Soil temperature at the elevation of 1200 m a.s.l. was significantly higher compared to 1300 and 1400 m elevations (P < 0.05). Similarly, light transmission was higher at an elevation of 1200 m compared to the other elevations (Fig. 1a). The increase in the LAI results in a lower light penetration through the gaps, leading to a decrease in soil temperature, as also reported by Öztürk & Bolat ([33]). Fassnacht et al. ([16]) stated that the LAI of a canopy determines light, thermal, and moisture conditions within that canopy. In the current study, the correlation between the soil temperature and the LAI was negative (r = - 0.609; P < 0.01 - Tab. 2), while the correlation between soil temperature and light transmission was positive (r = 0.680; P < 0.01). Additionally, large and regular gaps within or between canopies, as is the case for the sites at 1200 m altitude, permit a greater amount of light to penetrate the canopy ([18]).

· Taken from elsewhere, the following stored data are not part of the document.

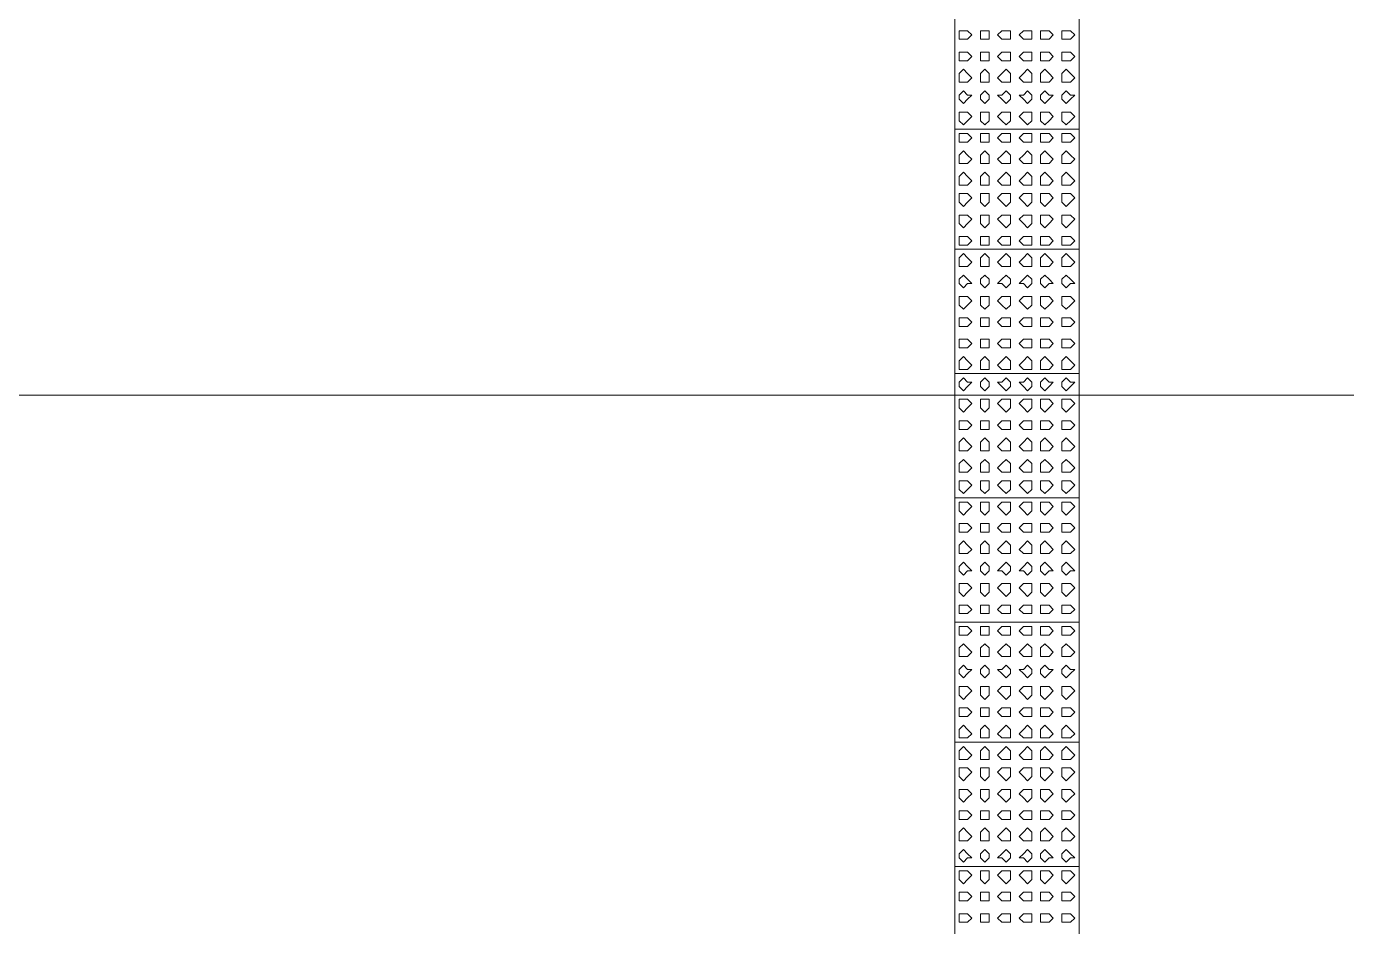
# Model space of a CAD drawing. Header units: millimetres. Extents: x -750 to 104995, y 68 to 66109.
# Drawn here: x 72300 to 75521, y 48211 to 50406 of the extents above; entities that cross this region are included whole.
import ezdxf

# ---------------------------------------------------------------- set-up
doc = ezdxf.new("R2010")
doc.units = ezdxf.units.MM
doc.layers.add('PDF_형상', color=7, linetype='Continuous')

msp = doc.modelspace()

# ---------------------------------------------------------------- linework, layer by layer
at = {"layer": 'PDF_형상', "lineweight": 5}
for points in [[(74868, 43404), (74868, 53456.9), (74868, 53404.6), (74878.5, 53404.6), (74878.5, 53394.2), (74878.5, 53227), (74878.5, 53216.5), (74868, 53206.1), (74868, 53164.3), (74868, 52861.2), (74868, 52558.2), (74565, 52558.2), (74565, 52861.2), (74868, 52861.2), (75160.6, 52861.2), (75160.6, 53164.3), (75463.7, 53164.3), (75463.7, 52861.2), (75160.6, 52861.2), (75160.6, 53164.3)], [(74868, 41669.4), (74868, 53164.3)], [(90772.8, 49506.8), (63874.7, 49506.8)]]:
    msp.add_lwpolyline(points, dxfattribs=at)
for points in [[(74565, 50457.7), (74565, 50154.7), (74868, 50154.7), (74868, 50457.7)], [(74606.8, 50384.6), (74596.3, 50395.1), (74585.9, 50395.1), (74575.4, 50395.1), (74575.4, 50384.6), (74575.4, 50374.1), (74585.9, 50374.1), (74596.3, 50374.1)], [(74648.6, 50384.6), (74648.6, 50395.1), (74638.1, 50395.1), (74627.7, 50395.1), (74627.7, 50384.6), (74627.7, 50374.1), (74638.1, 50374.1), (74648.6, 50374.1)], [(74700.8, 50384.6), (74700.8, 50395.1), (74690.4, 50395.1), (74679.9, 50395.1), (74669.5, 50384.6), (74679.9, 50374.1), (74690.4, 50374.1), (74700.8, 50374.1)], [(74753.1, 50384.6), (74753.1, 50395.1), (74742.6, 50395.1), (74732.2, 50395.1), (74721.7, 50384.6), (74732.2, 50374.1), (74742.6, 50374.1), (74753.1, 50374.1)], [(74805.3, 50384.6), (74794.9, 50395.1), (74784.4, 50395.1), (74774, 50395.1), (74774, 50384.6), (74774, 50374.1), (74784.4, 50374.1), (74794.9, 50374.1)], [(74857.6, 50384.6), (74847.1, 50395.1), (74836.7, 50395.1), (74826.2, 50395.1), (74826.2, 50384.6), (74826.2, 50374.1), (74836.7, 50374.1), (74847.1, 50374.1)], [(74606.8, 50332.3), (74596.3, 50342.8), (74585.9, 50342.8), (74575.4, 50342.8), (74575.4, 50332.3), (74575.4, 50321.9), (74585.9, 50321.9), (74596.3, 50321.9)], [(74648.6, 50332.3), (74648.6, 50342.8), (74638.1, 50342.8), (74627.7, 50342.8), (74627.7, 50332.3), (74627.7, 50321.9), (74638.1, 50321.9), (74648.6, 50321.9)], [(74700.8, 50332.3), (74700.8, 50342.8), (74690.4, 50342.8), (74679.9, 50342.8), (74669.5, 50332.3), (74679.9, 50321.9), (74690.4, 50321.9), (74700.8, 50321.9)], [(74753.1, 50332.3), (74753.1, 50342.8), (74742.6, 50342.8), (74732.2, 50342.8), (74721.7, 50332.3), (74732.2, 50321.9), (74742.6, 50321.9), (74753.1, 50321.9)], [(74805.3, 50332.3), (74794.9, 50342.8), (74784.4, 50342.8), (74774, 50342.8), (74774, 50332.3), (74774, 50321.9), (74784.4, 50321.9), (74794.9, 50321.9)], [(74857.6, 50332.3), (74847.1, 50342.8), (74836.7, 50342.8), (74826.2, 50342.8), (74826.2, 50332.3), (74826.2, 50321.9), (74836.7, 50321.9), (74847.1, 50321.9)], [(74606.8, 50280.1), (74596.3, 50290.6), (74585.9, 50301), (74575.4, 50290.6), (74575.4, 50280.1), (74575.4, 50269.7), (74585.9, 50269.7), (74596.3, 50269.7)], [(74648.6, 50280.1), (74648.6, 50290.6), (74638.1, 50301), (74627.7, 50290.6), (74627.7, 50280.1), (74627.7, 50269.7), (74638.1, 50269.7), (74648.6, 50269.7)], [(74700.8, 50280.1), (74700.8, 50290.6), (74690.4, 50301), (74679.9, 50290.6), (74669.5, 50280.1), (74679.9, 50269.7), (74690.4, 50269.7), (74700.8, 50269.7)], [(74753.1, 50280.1), (74753.1, 50290.6), (74742.6, 50301), (74732.2, 50290.6), (74721.7, 50280.1), (74732.2, 50269.7), (74742.6, 50269.7), (74753.1, 50269.7)], [(74805.3, 50280.1), (74794.9, 50290.6), (74784.4, 50301), (74774, 50290.6), (74774, 50280.1), (74774, 50269.7), (74784.4, 50269.7), (74794.9, 50269.7)], [(74857.6, 50280.1), (74847.1, 50290.6), (74836.7, 50301), (74826.2, 50290.6), (74826.2, 50280.1), (74826.2, 50269.7), (74836.7, 50269.7), (74847.1, 50269.7)], [(74606.8, 50238.3), (74596.3, 50238.3), (74585.9, 50248.8), (74575.4, 50238.3), (74575.4, 50227.8), (74585.9, 50217.4), (74596.3, 50227.8)], [(74648.6, 50238.3), (74638.1, 50248.8), (74627.7, 50238.3), (74627.7, 50227.8), (74638.1, 50217.4), (74648.6, 50227.8)], [(74700.8, 50238.3), (74690.4, 50248.8), (74679.9, 50238.3), (74669.5, 50238.3), (74679.9, 50227.8), (74690.4, 50217.4), (74700.8, 50227.8)], [(74753.1, 50238.3), (74742.6, 50248.8), (74732.2, 50238.3), (74721.7, 50238.3), (74732.2, 50227.8), (74742.6, 50217.4), (74753.1, 50227.8)], [(74805.3, 50238.3), (74794.9, 50238.3), (74784.4, 50248.8), (74774, 50238.3), (74774, 50227.8), (74784.4, 50217.4), (74794.9, 50227.8)], [(74857.6, 50238.3), (74847.1, 50238.3), (74836.7, 50248.8), (74826.2, 50238.3), (74826.2, 50227.8), (74836.7, 50217.4), (74847.1, 50227.8)], [(74606.8, 50186.1), (74596.3, 50196.5), (74585.9, 50196.5), (74575.4, 50196.5), (74575.4, 50186.1), (74575.4, 50175.6), (74585.9, 50165.2), (74596.3, 50175.6)], [(74648.6, 50186.1), (74648.6, 50196.5), (74638.1, 50196.5), (74627.7, 50196.5), (74627.7, 50186.1), (74627.7, 50175.6), (74638.1, 50165.2), (74648.6, 50175.6)], [(74700.8, 50186.1), (74700.8, 50196.5), (74690.4, 50196.5), (74679.9, 50196.5), (74669.5, 50186.1), (74679.9, 50175.6), (74690.4, 50165.2), (74700.8, 50175.6)], [(74753.1, 50186.1), (74753.1, 50196.5), (74742.6, 50196.5), (74732.2, 50196.5), (74721.7, 50186.1), (74732.2, 50175.6), (74742.6, 50165.2), (74753.1, 50175.6)], [(74805.3, 50186.1), (74794.9, 50196.5), (74784.4, 50196.5), (74774, 50196.5), (74774, 50186.1), (74774, 50175.6), (74784.4, 50165.2), (74794.9, 50175.6)], [(74857.6, 50186.1), (74847.1, 50196.5), (74836.7, 50196.5), (74826.2, 50196.5), (74826.2, 50186.1), (74826.2, 50175.6), (74836.7, 50165.2), (74847.1, 50175.6)], [(74565, 50154.7), (74565, 49862.1), (74868, 49862.1), (74868, 50154.7)], [(74606.8, 50133.8), (74596.3, 50144.3), (74585.9, 50144.3), (74575.4, 50144.3), (74575.4, 50133.8), (74575.4, 50123.4), (74585.9, 50123.4), (74596.3, 50123.4)], [(74648.6, 50133.8), (74648.6, 50144.3), (74638.1, 50144.3), (74627.7, 50144.3), (74627.7, 50133.8), (74627.7, 50123.4), (74638.1, 50123.4), (74648.6, 50123.4)], [(74700.8, 50133.8), (74700.8, 50144.3), (74690.4, 50144.3), (74679.9, 50144.3), (74669.5, 50133.8), (74679.9, 50123.4), (74690.4, 50123.4), (74700.8, 50123.4)], [(74753.1, 50133.8), (74753.1, 50144.3), (74742.6, 50144.3), (74732.2, 50144.3), (74721.7, 50133.8), (74732.2, 50123.4), (74742.6, 50123.4), (74753.1, 50123.4)], [(74805.3, 50133.8), (74794.9, 50144.3), (74784.4, 50144.3), (74774, 50144.3), (74774, 50133.8), (74774, 50123.4), (74784.4, 50123.4), (74794.9, 50123.4)], [(74857.6, 50133.8), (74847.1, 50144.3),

Fig. 1 - Variation in the light transmission (a), leaf area index (b), and gap (c) at different elevations. Error bars represent the standard deviation. Different letters (above the bars) indicate significant differences (P < 0.05) between the different elevation of the sampling sites.

On the other hand, the lower Corg/Ntotal ratio (i.e., decomposition ratio) at 1200 m elevation compared to the other elevations may have been due to high soil temperature, moisture content, and total N (Tab. 1). These factors may accelerate the decomposition of soil organic matter, which would be further harmful to soil quality in sites with lower soil organic matter ([47]). The correlations between soil moisture, total N, and temperature and the Corg/Ntotal ratio were positive (r = 0.619, 0.474, and 0.335, respectively - Tab. 2). In addition, a rapid decomposition of organic matter is not necessarily a favorable feature of the soil, as stable organic matter plays a considerable positive role in the soil physical and chemical characteristics ([43]).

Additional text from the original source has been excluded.